Nothing in the data should be left out or altered when it is retyped.

━━━━━━━━

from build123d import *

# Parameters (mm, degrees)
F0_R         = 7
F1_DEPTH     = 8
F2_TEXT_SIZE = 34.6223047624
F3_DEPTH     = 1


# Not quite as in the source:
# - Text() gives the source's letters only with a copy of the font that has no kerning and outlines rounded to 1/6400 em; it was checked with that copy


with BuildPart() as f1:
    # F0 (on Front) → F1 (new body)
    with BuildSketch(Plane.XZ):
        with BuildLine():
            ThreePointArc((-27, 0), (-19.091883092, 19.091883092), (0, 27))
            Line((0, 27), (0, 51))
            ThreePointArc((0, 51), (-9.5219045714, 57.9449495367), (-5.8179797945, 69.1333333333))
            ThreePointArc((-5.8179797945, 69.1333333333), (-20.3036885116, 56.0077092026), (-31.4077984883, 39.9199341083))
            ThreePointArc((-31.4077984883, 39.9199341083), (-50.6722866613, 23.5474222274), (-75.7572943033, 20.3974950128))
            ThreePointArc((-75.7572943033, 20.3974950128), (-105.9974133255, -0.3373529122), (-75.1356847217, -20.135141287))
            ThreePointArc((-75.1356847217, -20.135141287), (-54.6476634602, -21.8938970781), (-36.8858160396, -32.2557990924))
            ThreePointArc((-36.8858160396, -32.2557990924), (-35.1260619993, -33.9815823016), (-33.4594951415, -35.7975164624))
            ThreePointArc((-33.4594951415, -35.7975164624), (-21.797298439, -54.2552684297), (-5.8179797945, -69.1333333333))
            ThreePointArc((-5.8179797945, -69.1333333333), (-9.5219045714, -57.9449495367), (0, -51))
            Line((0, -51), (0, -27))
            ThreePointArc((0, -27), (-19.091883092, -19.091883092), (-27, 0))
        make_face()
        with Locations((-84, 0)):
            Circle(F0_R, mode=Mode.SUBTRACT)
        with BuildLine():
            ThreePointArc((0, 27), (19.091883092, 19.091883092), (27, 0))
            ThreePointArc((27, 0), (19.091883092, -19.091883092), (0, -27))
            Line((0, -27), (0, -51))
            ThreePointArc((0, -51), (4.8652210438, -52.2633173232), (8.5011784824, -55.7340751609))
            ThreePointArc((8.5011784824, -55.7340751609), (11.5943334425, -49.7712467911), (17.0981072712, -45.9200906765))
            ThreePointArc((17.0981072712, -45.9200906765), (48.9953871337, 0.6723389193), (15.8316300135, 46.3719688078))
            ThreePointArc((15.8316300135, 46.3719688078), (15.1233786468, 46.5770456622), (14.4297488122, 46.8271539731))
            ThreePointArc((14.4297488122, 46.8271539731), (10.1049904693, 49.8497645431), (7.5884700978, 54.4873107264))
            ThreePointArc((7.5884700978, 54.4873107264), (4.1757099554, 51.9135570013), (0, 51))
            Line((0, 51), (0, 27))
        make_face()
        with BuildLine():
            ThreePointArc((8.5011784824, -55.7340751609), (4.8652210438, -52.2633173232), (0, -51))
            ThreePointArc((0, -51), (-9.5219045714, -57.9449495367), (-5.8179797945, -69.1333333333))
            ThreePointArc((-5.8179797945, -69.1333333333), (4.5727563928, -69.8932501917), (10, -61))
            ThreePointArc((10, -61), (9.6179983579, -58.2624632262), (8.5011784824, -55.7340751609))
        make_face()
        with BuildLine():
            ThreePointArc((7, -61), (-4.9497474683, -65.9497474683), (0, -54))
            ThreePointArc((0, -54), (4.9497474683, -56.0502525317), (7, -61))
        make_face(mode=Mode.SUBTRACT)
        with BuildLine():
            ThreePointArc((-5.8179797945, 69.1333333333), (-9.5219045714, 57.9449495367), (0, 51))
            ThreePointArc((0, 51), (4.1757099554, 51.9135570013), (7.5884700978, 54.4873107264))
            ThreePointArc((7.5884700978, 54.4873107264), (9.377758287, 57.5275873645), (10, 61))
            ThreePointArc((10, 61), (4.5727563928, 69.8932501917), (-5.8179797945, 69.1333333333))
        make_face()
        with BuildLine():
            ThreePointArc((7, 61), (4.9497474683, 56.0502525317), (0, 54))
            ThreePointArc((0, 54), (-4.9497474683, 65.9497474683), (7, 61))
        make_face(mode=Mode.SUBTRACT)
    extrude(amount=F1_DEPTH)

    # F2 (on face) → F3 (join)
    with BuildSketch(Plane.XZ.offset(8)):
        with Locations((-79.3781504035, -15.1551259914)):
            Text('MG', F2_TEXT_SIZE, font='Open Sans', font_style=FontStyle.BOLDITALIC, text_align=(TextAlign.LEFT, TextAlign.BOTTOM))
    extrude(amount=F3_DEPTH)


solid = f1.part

━━━━━━━━

#### [Answer for the task]
from build123d import *

# Parameters (mm, degrees)
F0_R         = 7
F1_DEPTH     = 8
F2_TEXT_SIZE = 34.6223047624
F3_DEPTH     = 1


# Not quite as in the source:
# - Text() gives the source's letters only with a copy of the font that has no kerning and outlines rounded to 1/6400 em; it was checked with that copy


with BuildPart() as f1:
    # F0 (on Front) → F1 (new body)
    with BuildSketch(Plane.XZ):
        with BuildLine():
            ThreePointArc((-27, 0), (-19.091883092, 19.091883092), (0, 27))
            Line((0, 27), (0, 51))
            ThreePointArc((0, 51), (-9.5219045714, 57.9449495367), (-5.8179797945, 69.1333333333))
            ThreePointArc((-5.8179797945, 69.1333333333), (-20.3036885116, 56.0077092026), (-31.4077984883, 39.9199341083))
            ThreePointArc((-31.4077984883, 39.9199341083), (-50.6722866613, 23.5474222274), (-75.7572943033, 20.3974950128))
            ThreePointArc((-75.7572943033, 20.3974950128), (-105.9974133255, -0.3373529122), (-75.1356847217, -20.135141287))
            ThreePointArc((-75.1356847217, -20.135141287), (-54.6476634602, -21.8938970781), (-36.8858160396, -32.2557990924))
            ThreePointArc((-36.8858160396, -32.2557990924), (-35.1260619993, -33.9815823016), (-33.4594951415, -35.7975164624))
            ThreePointArc((-33.4594951415, -35.7975164624), (-21.797298439, -54.2552684297), (-5.8179797945, -69.1333333333))
            ThreePointArc((-5.8179797945, -69.1333333333), (-9.5219045714, -57.9449495367), (0, -51))
            Line((0, -51), (0, -27))
            ThreePointArc((0, -27), (-19.091883092, -19.091883092), (-27, 0))
        make_face()
        with Locations((-84, 0)):
            Circle(F0_R, mode=Mode.SUBTRACT)
        with BuildLine():
            ThreePointArc((0, 27), (19.091883092, 19.091883092), (27, 0))
            ThreePointArc((27, 0), (19.091883092, -19.091883092), (0, -27))
            Line((0, -27), (0, -51))
            ThreePointArc((0, -51), (4.8652210438, -52.2633173232), (8.5011784824, -55.7340751609))
            ThreePointArc((8.5011784824, -55.7340751609), (11.5943334425, -49.7712467911), (17.0981072712, -45.9200906765))
            ThreePointArc((17.0981072712, -45.9200906765), (48.9953871337, 0.6723389193), (15.8316300135, 46.3719688078))
            ThreePointArc((15.8316300135, 46.3719688078), (15.1233786468, 46.5770456622), (14.4297488122, 46.8271539731))
            ThreePointArc((14.4297488122, 46.8271539731), (10.1049904693, 49.8497645431), (7.5884700978, 54.4873107264))
            ThreePointArc((7.5884700978, 54.4873107264), (4.1757099554, 51.9135570013), (0, 51))
            Line((0, 51), (0, 27))
        make_face()
        with BuildLine():
            ThreePointArc((8.5011784824, -55.7340751609), (4.8652210438, -52.2633173232), (0, -51))
            ThreePointArc((0, -51), (-9.5219045714, -57.9449495367), (-5.8179797945, -69.1333333333))
            ThreePointArc((-5.8179797945, -69.1333333333), (4.5727563928, -69.8932501917), (10, -61))
            ThreePointArc((10, -61), (9.6179983579, -58.2624632262), (8.5011784824, -55.7340751609))
        make_face()
        with BuildLine():
            ThreePointArc((7, -61), (-4.9497474683, -65.9497474683), (0, -54))
            ThreePointArc((0, -54), (4.9497474683, -56.0502525317), (7, -61))
        make_face(mode=Mode.SUBTRACT)
        with BuildLine():
            ThreePointArc((-5.8179797945, 69.1333333333), (-9.5219045714, 57.9449495367), (0, 51))
            ThreePointArc((0, 51), (4.1757099554, 51.9135570013), (7.5884700978, 54.4873107264))
            ThreePointArc((7.5884700978, 54.4873107264), (9.377758287, 57.5275873645), (10, 61))
            ThreePointArc((10, 61), (4.5727563928, 69.8932501917), (-5.8179797945, 69.1333333333))
        make_face()
        with BuildLine():
            ThreePointArc((7, 61), (4.9497474683, 56.0502525317), (0, 54))
            ThreePointArc((0, 54), (-4.9497474683, 65.9497474683), (7, 61))
        make_face(mode=Mode.SUBTRACT)
    extrude(amount=F1_DEPTH)

    # F2 (on face) → F3 (join)
    with BuildSketch(Plane.XZ.offset(8)):
        with Locations((-79.3781504035, -15.1551259914)):
            Text('MG', F2_TEXT_SIZE, font='Open Sans', font_style=FontStyle.BOLDITALIC, text_align=(TextAlign.LEFT, TextAlign.BOTTOM))
    extrude(amount=F3_DEPTH)


solid = f1.part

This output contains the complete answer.